MistNet, founded by a team who met while working at Juniper Networks, dubs the technology "mist computing" and its application in its products "CyberMist." CyberMist uses a distributed analytical mesh that has artificial intelligence (AI)-based analysis occurring at the edge of the network under the control of a central, cloud-based manager.

CyberMist will typically be used to deliver information to security analysts for their work, according to the company. Although integration tools are available to link CyberMist to remediation systems, "We don't want to be the the automation end of a SOAR [security orchestration, automation, and response solution]. We have integrations with the major SOARs, and we can automate do automatic remediation on that basis," says CyberMist president and CEO Geoffrey Mattson.

Mattson says more traditional hub-and-spoke architectures make it more difficult to use data from a wide variety (and large number) of data sensors because of the sheer volume of data that must flow from the sensors to a central processor.

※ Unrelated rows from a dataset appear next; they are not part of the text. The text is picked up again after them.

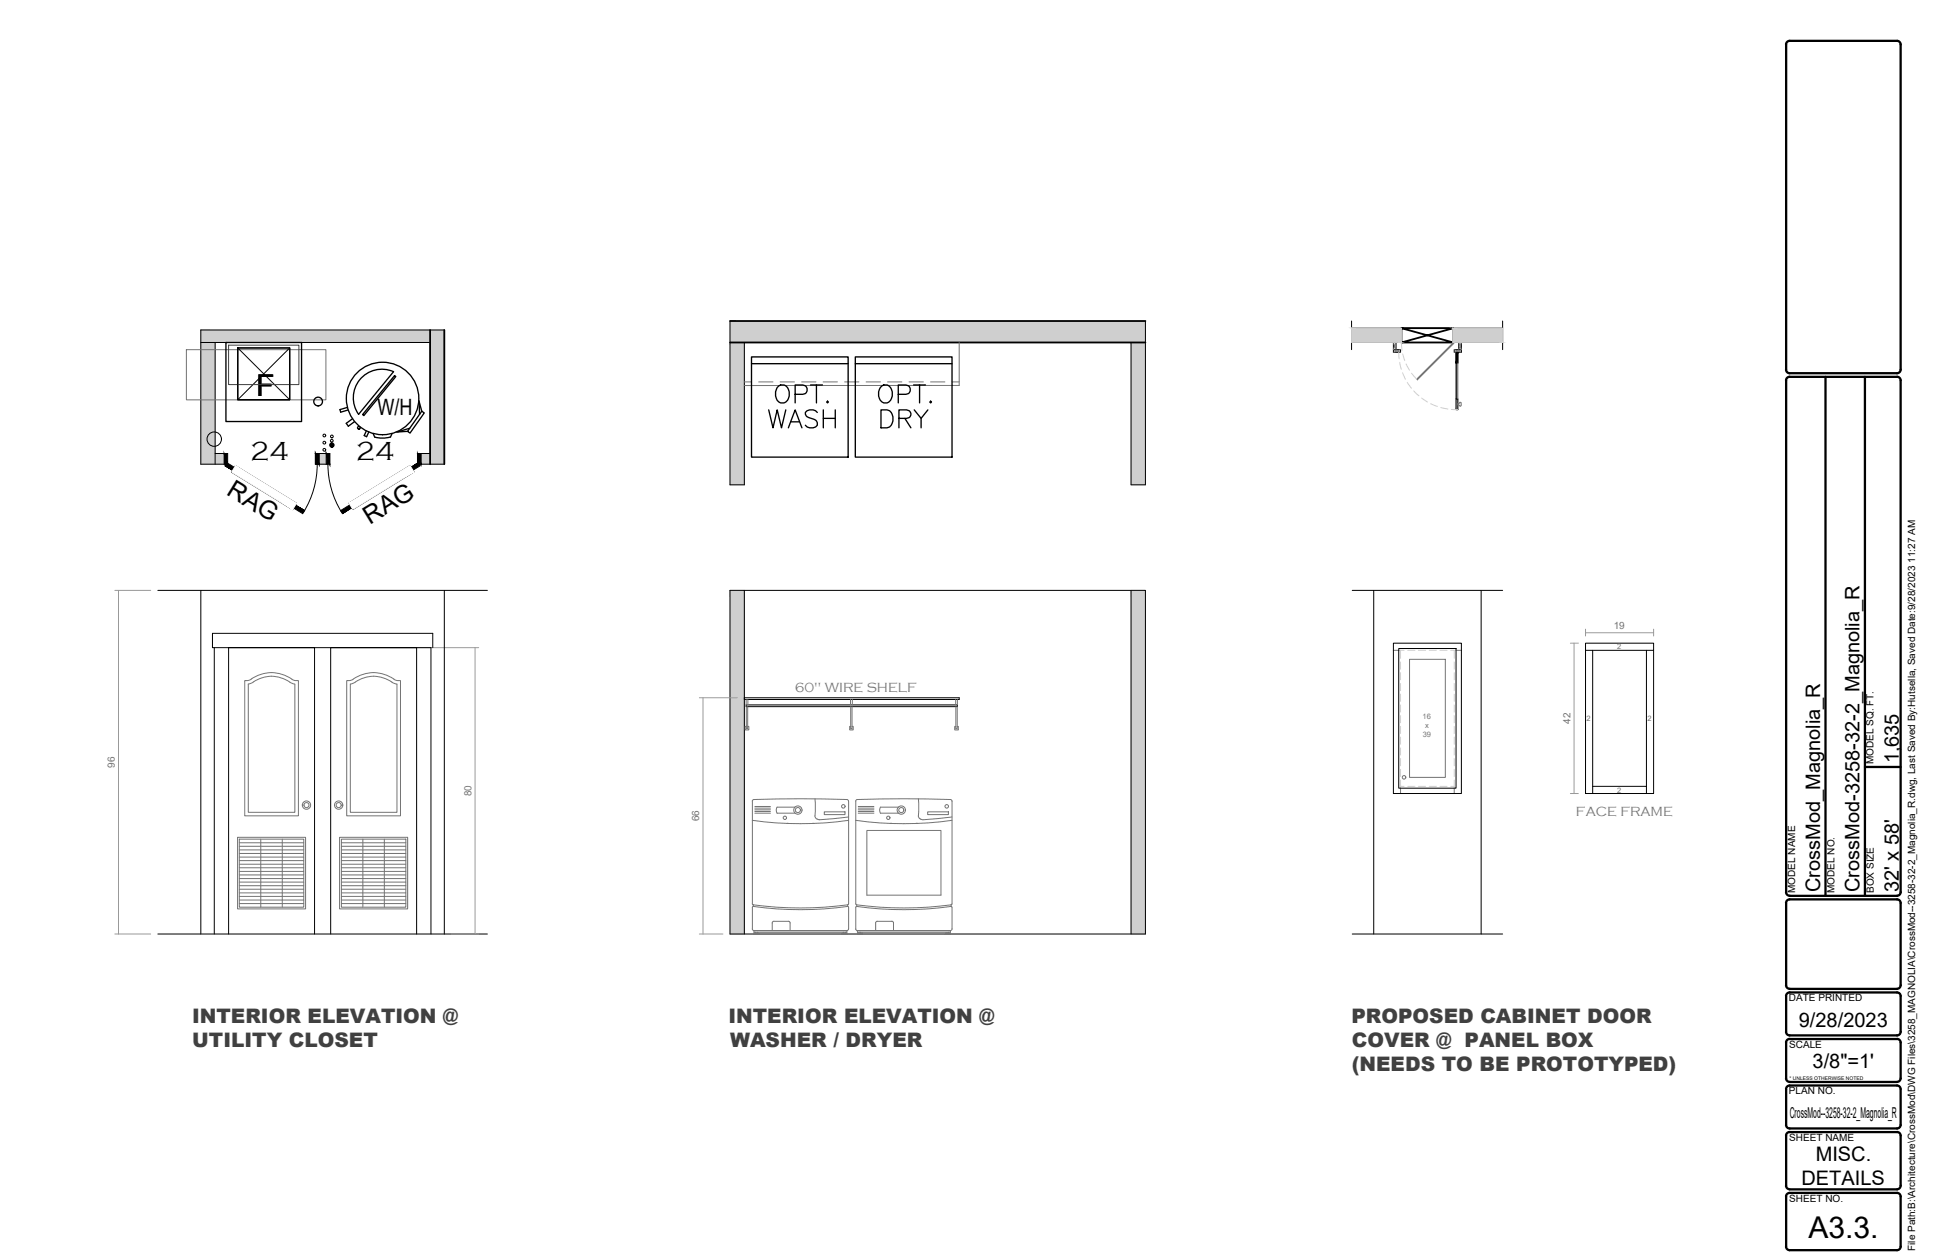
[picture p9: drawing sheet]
<svg xmlns="http://www.w3.org/2000/svg" width="432mm" height="279mm" viewBox="0 0 432 279" stroke-linecap="round" stroke-linejoin="round" font-family="sans-serif">
<!-- layer: ELEV2 -->
<g fill="none" stroke="#000" stroke-width=".22">
<path d="M308.9 75.9h.6v1.6h-.6zM308.9 77.5h1.6v.6h-1.6zM322.3 77.5h1.6v.6h-1.6zM322.7 78.1h.5v2.4h-.5zM323.3 75.9h.6v1.6h-.6zM322.7 88.5h.5v2.3h-.5zM322.7 80.5v8M322.9 80.5v8M35 130.9h73M44.5 130.9v76.2M98.5 130.9v76.2M161.8 130.9h92.1v76.2h-92.1z"/>
<path d="M165 130.9v76.2M250.7 130.9v76.2M47.5 143.6v63.5M95.9 143.6v-3.2h-48.8v3.2h48.4v63.5M165 154.7h47.6v.4h-47.6M165.4 156.3h46.8v.4h-46.8zM308.9 142.6h15v33.4h-15zM310 143.8h12.7v31h-12.7zM351.5 142.6h15v33.4h-15zM351.5 144.2h15M353 144.2v31.8M365 144.2v31.8"/>
<path d="M353 174.4h12M35 207.1h73M50.7 207.1v-63.5h19v63.5M73.3 207.1v-63.5h19.1v63.5"/>
</g>
<!-- layer: cabinet -->
<g fill="none" stroke="#999" stroke-width=".22">
<path d="M25.5 130.9h7.9M26.3 130.9v76.2M351.5 139.5v1.5M366.5 139.5v1.5M86.6 143.6h19.5M105.3 143.6v63.5M155 154.7h8.4M155.8 154.7v52.4M348.1 142.6h1.8M348.9 142.6v33.4M351.5 140.3h15M348.1 176h1.8"/>
<path d="M25.5 207.1h7.9M100.1 207.1h6M155 207.1h5.2"/>
</g>
<!-- layer: elevation -->
<g fill="#cfcfcf" stroke="#cfcfcf" stroke-width=".22">
<path d="M44.5 75.9l3.2 27v-27zM44.5 75.9l3.2 27h-3.2z"/>
<path d="M44.5 73.2l50.8 2.7v-2.7zM44.5 73.2l50.8 2.7h-50.8z"/>
<path d="M95.3 73.2l3.2 29.7v-29.7zM95.3 73.2l3.2 29.7h-3.2z"/>
<path d="M92.9 100.6l2.4 2.3v-2.3zM92.9 100.6l2.4 2.3h-2.4z"/>
<path d="M47.7 100.6l2.4 2.3v-2.3zM47.7 100.6l2.4 2.3h-2.4z"/>
<path d="M70.3 100.6l2.4 2.3v-2.3zM70.3 100.6l2.4 2.3h-2.4z"/>
<path d="M161.8 130.9l3.2 76.2v-76.2zM161.8 130.9l3.2 76.2h-3.2z"/>
<path d="M250.7 130.9l3.2 76.2v-76.2zM250.7 130.9l3.2 76.2h-3.2z"/>
<path d="M161.8 71.2l92.1 4.7v-4.7zM161.8 71.2l92.1 4.7h-92.1z"/>
<path d="M161.8 75.9l3.2 31.6v-31.6zM161.8 75.9l3.2 31.6h-3.2z"/>
<path d="M250.7 75.9l3.2 31.6v-31.6zM250.7 75.9l3.2 31.6h-3.2z"/>
<path d="M299.6 72.8l11 3.1v-3.1zM299.6 72.8l11 3.1h-11z"/>
<path d="M322 72.8l11.1 3.1v-3.1zM322 72.8l11.1 3.1h-11.1z"/>
</g>
<!-- layer: IP -->
<g fill="none" stroke="#000" stroke-width=".22">
<path d="M44.5 75.9h50.8M47.7 75.9v27M98.5 73.2h-54v29.7h5.6M161.8 71.2v36.3M165 75.9v31.6M250.7 75.9v31.6M253.9 71.2v36.3M299.6 75.9h33.5M299.6 72.8h33.5M47.7 100.6h2.4M70.3 102.9h2.4M70.3 100.6h2.4"/>
<path d="M92.9 102.9h5.6M92.9 100.6h2.4"/>
</g>
<!-- layer: DR -->
<g fill="#000" stroke="#000" stroke-width=".22">
<path d="M49.7 100.6l.8 2.3v-2.3zM49.7 100.6l.8 2.3h-.8z"/>
<path d="M49.9 103.3l17.2 10.6 .4-.7zM50.3 102.6l17.2 10.6-17.6-9.9z"/>
<path d="M69.9 100.6l.8 2.3v-2.3zM69.9 100.6l.8 2.3h-.8z"/>
<path d="M69.9 100.6l.8 2.3v-2.3zM69.9 100.6l.8 2.3h-.8z"/>
<path d="M72.3 100.6l.8 2.3v-2.3zM72.3 100.6l.8 2.3h-.8z"/>
<path d="M72.3 100.6l.8 2.3v-2.3zM72.3 100.6l.8 2.3h-.8z"/>
<path d="M75.5 113.2l.4 .7 16.8-11.3zM75.9 113.9l16.8-11.3 .5 .7z"/>
<path d="M92.5 100.6l.8 2.3v-2.3zM92.5 100.6l.8 2.3h-.8z"/>
</g>
<!-- layer: HD -->
<path d="M41.3 77.5h30.9v11.2h-30.9z" fill="none" stroke="#737373" stroke-width=".22"/>
<!-- layer: APP -->
<g fill="none" stroke="#000" stroke-width=".3">
<path d="M50.1 75.9h16.7v17.6h-16.7zM52.7 77.2h11.5v11.4h-11.5zM166.6 79.1h21.4v22.3h-21.4zM189.6 79.1h21.4v22.3h-21.4zM77 90.3l-1.6 .5 .1 .6 1.7-.5M78.1 92.9l-1.3 1 .4 .6 1.4-1M80.4 83.5a6.3 6.3 0 0 1 6.8-1.1l-7.7 9.5a6.3 6.3 0 0 1 .9-8.4zM81.2 95.6l-.5 1 .6 .2 .4-1M82.7 96.1l.4 .8M86.9 96.1l-.4 .8-.5 .1-1.8 .1-1.2-.2M87.5 83.3l.2 .2-7.1 8.7-.2-.3zM90.3 95.7l-2.4 .1"/>
<path d="M90.8 95l-2.7 .8M92.8 88.8l.7 2.4M92.9 89l.1 2.9M93.5 91.2l.5 .4-3.1 4.4-.6-.3zM166.6 80.6h21.4M189.6 80.6h21.4"/>
<circle cx="79.6" cy="94.9" r=".31"/>
<circle cx="84.8" cy="88.4" r="8"/>
</g>
<!-- layer: FLD -->
<g fill="none" stroke="#000" stroke-width=".22">
<path d="M52.7 77.2h11.5v11.4h-11.5zM52.7 77.2l11.5 11.4M64.2 77.2l-11.5 11.4"/>
<circle cx="47.5" cy="97.4" r="1.6"/>
<circle cx="71.9" cy="99.7" r=".31"/>
<circle cx="71.9" cy="96.6" r=".31"/>
<circle cx="71.9" cy="98.2" r=".31"/>
<circle cx="73.5" cy="97.7" r=".31"/>
<circle cx="73.6" cy="96.8" r=".31"/>
</g>
<!-- layer: ceiling cutout -->
<path d="M50.7 76.5h15.6v8.8h-15.6z" fill="none" stroke="#404040" stroke-width=".22"/>
<!-- layer: FLD -->
<circle cx="73.6" cy="98.7" r=".31" fill="none" stroke="#000" stroke-width=".59"/>
<circle cx="70.5" cy="89" r=".96" fill="none" stroke="#000" stroke-width=".3"/>
<!-- layer: FPEW -->
<path d="M95.3 73.2v29.7M98.5 73.2v29.7M161.8 71.2h92.1M161.8 75.9h92.1M310.6 72.8v3.1h11.6v-3.1h-11.6l11.6 3.1v-3.1l-11.6 3.1" fill="none" stroke="#000" stroke-width=".4"/>
<!-- layer: DR -->
<path d="M52.2 103.3l13.5 8.3-.8 1.4-13.5-8.3zM77.4 111.6l13.5-8.3 .8 1.3-13.5 8.3z" fill="none" stroke="#000" stroke-width=".3"/>
<path d="M52.2 103.3l13.5 8.3M90.9 103.3l-13.5 8.3" fill="none" stroke="#fff" stroke-width=".22"/>
<g fill="#fff" stroke="#fff" stroke-width=".22">
<path d="M52.2 103.3l-.8 1.4 13.5 8.3zM52.2 103.3l13.5 8.3-.8 1.4z"/>
<path d="M77.4 111.6l.8 1.3 13.5-8.3zM77.4 111.6l13.5-8.3 .8 1.3z"/>
</g>
<!-- layer: SALESLIT -->
<path d="M299.6 71.2v6.3M333.1 71.2v6.3M70.3 102.9a20.2 20.2 0 0 1-3 10.6M72.7 102.9a20.2 20.2 0 0 0 3 10.6M161.8 107.5h3.2M250.7 107.5h3.2" fill="none" stroke="#000" stroke-width=".22"/>
<!-- layer: ELEV1 -->
<g fill="none" stroke="#737373" stroke-width=".22">
<path d="M308.9 75.9l.6 1.6M309.5 75.9l-.6 1.6 1.6 .6M310.5 77.5l-1.6 .6M322.3 77.5l1.6 .6M323.3 75.9l.6 1.6-1.6 .6M323.9 75.9l-.6 1.6M314 84.1l8.2-8.2 .1 .2-8.1 8.1zM323.2 89.5l.4-.3a.41 .41 0 0 1 .3 .4 .41 .41 0 0 1-.3 .4l-.4-.2zM323.2 80.5v8M54.7 150.9h-.4v30h11.8v-30h-.4M55 151.7l.6-.2a7.4 7.4 0 0 1 9.1 0l.6 .2M55 151.7v28.4h10.4v-28.4"/>
<path d="M55.7 150.6a7.8 7.8 0 0 1 9 0M55.7 150.6l-1 .3M64.7 150.6l.9 .3M77.6 151.7l.6-.2a7.4 7.4 0 0 1 9.2 0l.6 .2M77.7 151.7v28.4h10.3v-28.4M78.3 150.6a7.8 7.8 0 0 1 9 0M78.3 150.6l-.7 .3h-.7v30h11.9v-30h-.8l-.7-.3M312.4 146.2h8v26.2h-8zM52.7 185.7h15v15.8h-15zM53 186.1h14.3v15.1h-14.3zM53 186.9h14.3M53 187.7h14.3"/>
<path d="M53 188.5h14.3M53 189.3h14.3M53 190.1h14.3M53 190.8h14.3M53 191.6h14.3M53 192.4h14.3M53 193.2h14.3M53 194h14.3M53 194.8h14.3M53 195.6h14.3M53 196.4h14.3M53 197.2h14.3"/>
<path d="M53 198h14.3M53 198.8h14.3M53 199.6h14.3M57.8 186.1v15.1M62.6 186.1v15.1M75.3 185.7h15.1v15.8h-15.1zM75.7 186.1h14.3v15.1h-14.3zM75.7 186.9h14.3M75.7 187.7h14.3M75.7 188.5h14.3M75.7 189.3h14.3M75.7 190.1h14.3"/>
<path d="M75.7 190.8h14.3M75.7 191.6h14.3M75.7 192.4h14.3M75.7 193.2h14.3M75.7 194h14.3M75.7 194.8h14.3M75.7 195.6h14.3M75.7 196.4h14.3M75.7 197.2h14.3M75.7 198h14.3M75.7 198.8h14.3M75.7 199.6h14.3"/>
<path d="M80.4 186.1v15.1M85.2 186.1v15.1M53 200.4h14.3M75.7 200.4h14.3"/>
<circle cx="67.9" cy="178.5" r=".56"/>
<circle cx="67.9" cy="178.5" r=".92"/>
<circle cx="75.1" cy="178.5" r=".92"/>
<circle cx="75.1" cy="178.5" r=".56"/>
</g>
<!-- layer: cabinet -->
<g fill="none" stroke="#737373" stroke-width=".22">
<path d="M167.3 178.8h3.5M167.3 179.2h3.5M167.3 179.6h3.5M167.3 179.9h3.5M176.2 179h-3.9a1.3 1.3 0 0 0 0 1.3h3.9M180.6 177.1v3.8l.3 .6 .2 .1 .6 .2 6.4-.6M187.7 177.3l.4 .4v22.7l-.2 .2M187.7 177.3a278.1 278.1 0 0 0-20.8 0l-.1 .4v22.7l.1 .2M190 177.3l-.3 .4v22.7l.1 .2M190.1 177.3a313.8 313.8 0 0 1 20.6 0M190.2 178.8h3.5M190.2 179.2h3.5"/>
<path d="M190.2 179.6h3.5M190.2 179.9h3.5M199.2 179h-4a1.3 1.3 0 0 0 0 1.3h4M203.6 177.1v3.8M210.7 177.3l.3 .4v22.7l-.1 .2M166.8 181.9a77.2 77.2 0 0 0 21.3 0M167.3 180.3h3.5M174.7 182.5l-.3 .1M180.2 182.5l.2 .1M182.7 180h4.6v.6h-4.6zM189.7 181.9a77.2 77.2 0 0 0 21.3 0M190.2 180.3h3.5"/>
<path d="M192.2 184.2h16.4v14.3h-16.4zM197.6 182.5l-.2 .1M203.1 182.5l.2 .1M203.6 180.9l.2 .6 .8 .3 6.4-.6M205.6 180h4.6v.6h-4.6zM166.8 201.2v4.8l.3 .4M166.9 200.6a79.1 79.1 0 0 0 21 0v.4a76.3 76.3 0 0 1-20.9 0M167 201l-.2 .2M167 200.6v.4M167.1 206.4h20.6v.3h-20.6zM167.5 206.7v.2h-.4v.2h1.2v-.2h-.4v-.2M171.5 204.3l-.3 .3v1.8"/>
<path d="M171.6 204.3h3.2M174.8 204.3l.3 .3v1.8M187 206.7v.2h-.4v.2h1.1v-.2h-.3v-.2M187.9 201l.2 .2M188.1 201.2v4.8l-.4 .4M189.7 201.2v4.8l.3 .4M189.8 200.6a79.6 79.6 0 0 0 21.1 0M189.9 201l-.2 .2M189.9 201a76.3 76.3 0 0 0 20.9 0M189.9 200.6v.4M190.1 206.4h20.6v.3h-20.6zM190.4 206.7v.2h-.3v.2h1.1v-.2h-.4v-.2"/>
<path d="M194.5 204.3l-.4 .3v1.8M194.5 204.3h3.2M197.7 204.3l.4 .3v1.8M209.9 206.7v.2h-.3v.2h1.1v-.2h-.4v-.2M210.8 201l.2 .2M210.8 200.6v.4M211 201.2v4.8l-.3 .4"/>
<circle cx="176.9" cy="179.6" r=".92"/>
<circle cx="176.9" cy="179.6" r=".56"/>
<circle cx="186.9" cy="178.8" r=".39"/>
<circle cx="199.8" cy="179.6" r=".92"/>
<circle cx="199.8" cy="179.6" r=".56"/>
<circle cx="209.9" cy="178.8" r=".39"/>
<circle cx="174" cy="181.3" r=".37"/>
<circle cx="196.9" cy="181.3" r=".37"/>
</g>
<!-- layer: elevation -->
<g fill="none" stroke="#737373" stroke-width=".22">
<path d="M165.4 155.1v1.2M165.4 156.7v4.8M165.7 156.7v4.8M165.8 155.1v1.2M188.5 155.1v1.2M188.6 156.7v4.8M188.9 156.7v4.8M188.9 155.1v1.2M211.8 155.1v1.2M211.9 156.7v4.8M212.2 156.7v4.8M212.2 155.1v1.2"/>
<path d="M308.9 144.2h1.1M322.7 144.2h1.2M165.4 161.4l.2 .2 .1-.2M165.4 161.1h-.2v.8h.8v-.8h-.3M188.6 161.4l.1 .2 .2-.2M188.6 161.1h-.3v.8h.8v-.8h-.2M211.9 161.4l.1 .2 .2-.2M211.9 161.1h-.3v.8h.8v-.8h-.2M310.5 174.8v1.2M322.3 174.8v1.2"/>
<circle cx="311.2" cy="172.4" r=".39"/>
</g>
<!-- layer: CAB -->
<path d="M212.6 75.9v9.6h-47.6M165 84.7h1.6M168.2 84.7h3.1M187.2 84.7h3.2M211 84.7h1.6" fill="none" stroke="#737373" stroke-width=".22"/>
<!-- layer: ELEV1 -->
<g fill="none" stroke="#cfcfcf" stroke-width=".22">
<path d="M310 78.1l.1 1.5M310.6 75.9l.2 1.8M310.9 78.5l.5 1.5M310.3 80.4l.3 1.5M310.9 82.7l.6 1.4M311.7 80.7l.7 1.4M311.9 84.8l.9 1.3M312.9 82.8l1.1 1.3M313.4 86.7l1.1 1.1M315.1 88.3l1.3 .9M317.1 89.5l1.5 .6M319.4 90.4l1.5 .3"/>
<path d="M321.7 90.8h1.5M310 144.2h1.2M310.5 144.2v1.8M310.5 146.8v1.6M310.5 149.2v1.5M310.5 151.6v1.5M310.5 153.9v1.6M310.5 156.3v1.6M310.5 158.7v1.6M312 144.2h1.6M314.4 144.2h1.6M316.8 144.2h1.6"/>
<path d="M319.2 144.2h1.6M321.6 144.2h1.1M322.3 144.2v1.8M322.3 146.8v1.6M322.3 149.2v1.5M322.3 151.6v1.5M322.3 153.9v1.6M322.3 156.3v1.6M322.3 158.7v1.6M310.5 174.4h.7M310.5 161.1v1.6M310.5 163.4v1.6"/>
<path d="M310.5 165.8v1.6M310.5 168.2v1.6M310.5 170.6v1.6M310.5 173v1.8M312 174.4h1.6M314.4 174.4h1.6M316.8 174.4h1.6M319.2 174.4h1.6M321.6 174.4h.7M322.3 161.1v1.6M322.3 163.4v1.6M322.3 165.8v1.6"/>
<path d="M322.3 168.2v1.6M322.3 170.6v1.6M322.3 173v1.8"/>
</g>
<!-- layer: SALESLIT -->
<path d="M322.7 88.5v2.3l.5-2.3zM323.2 88.5v2.3h-.5z" fill="#cfcfcf" stroke="#cfcfcf" stroke-width=".22"/>
<path d="M322.7 78.1v2.4l.5-2.4zM323.2 78.1v2.4h-.5z" fill="#000" stroke="#000" stroke-width=".22"/>
<!-- layer: cabinet -->
<path d="M299.7 130.9h33.4M304.5 130.9v76.2M328.3 130.9v76.2M299.7 207.1h33.4" fill="none" stroke="#000" stroke-width=".22"/>
<!-- layer: BOR -->
<g fill="none" stroke="#000" stroke-width=".51">
<path d="M395.9 9.9a.79 .79 0 0 1 .8-.8h23.8a.79 .79 0 0 1 .8 .8v72.1a.79 .79 0 0 1-.8 .8h-23.8a.79 .79 0 0 1-.8-.8M395.9 9.9v72.1M395.9 84.3a.76 .76 0 0 1 .8-.7l23.8-.1a.79 .79 0 0 1 .8 .8v113.5a.79 .79 0 0 1-.8 .8M395.9 84.3v113.5M404.6 83.6v115M413.4 83.6v115M413.4 170.1h7.9M395.9 197.8a.79 .79 0 0 0 .8 .8M396.7 198.6h23.8M395.9 218.5a.83 .83 0 0 0 .8 .8h23.8a.79 .79 0 0 0 .8-.8M395.9 200.2a.79 .79 0 0 1 .8-.8h23.8a.79 .79 0 0 1 .8 .8v18.3M395.9 200.2v18.3"/>
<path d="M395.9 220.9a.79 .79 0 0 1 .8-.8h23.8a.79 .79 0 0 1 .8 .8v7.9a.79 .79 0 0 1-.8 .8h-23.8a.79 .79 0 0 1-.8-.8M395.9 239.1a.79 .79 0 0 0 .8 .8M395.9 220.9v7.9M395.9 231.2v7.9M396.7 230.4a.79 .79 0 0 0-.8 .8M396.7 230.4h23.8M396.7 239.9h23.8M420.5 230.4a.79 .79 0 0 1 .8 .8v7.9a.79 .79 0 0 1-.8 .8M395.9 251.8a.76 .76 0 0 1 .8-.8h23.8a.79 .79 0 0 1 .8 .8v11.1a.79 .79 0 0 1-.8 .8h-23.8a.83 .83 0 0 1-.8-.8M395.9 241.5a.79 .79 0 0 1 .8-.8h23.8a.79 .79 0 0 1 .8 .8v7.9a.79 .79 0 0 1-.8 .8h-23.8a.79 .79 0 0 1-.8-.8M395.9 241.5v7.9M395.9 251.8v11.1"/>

"They usually tap the network and look at the raw network data," Mattson explains. "They often have agents that allow them to look at specific users' behavior, and they tend to focus on that rather than the output of all the various security appliances." And that narrow focus is just one of the issues he sees coming from the limitations on how much data most monitoring systems can scan in real time.

"Technically, it's very difficult to have a separate overlay network to stream very large amounts of data in real time," he says. "By the time you actually get it to the data center, you've lost a lot of the context. You lose spatial and temporal locality that can be very helpful in putting pieces of the puzzle together."

One of the characteristics of mist computing, Mattson says, is that the edge nodes share a single, sharded, geographically distributed database. They also continually share modeling information so that each edge node has global awareness of conditions and activities on the network.

"We can keep hot data without moving it," Mattson says. "You can call it up instantly, but we don't have to move it back to a central repository." The result is that customers can have real-time access for their own investigations or exploration of events that are occurring, while the MistNet system retains real-time access to do its own modeling and AI processing. 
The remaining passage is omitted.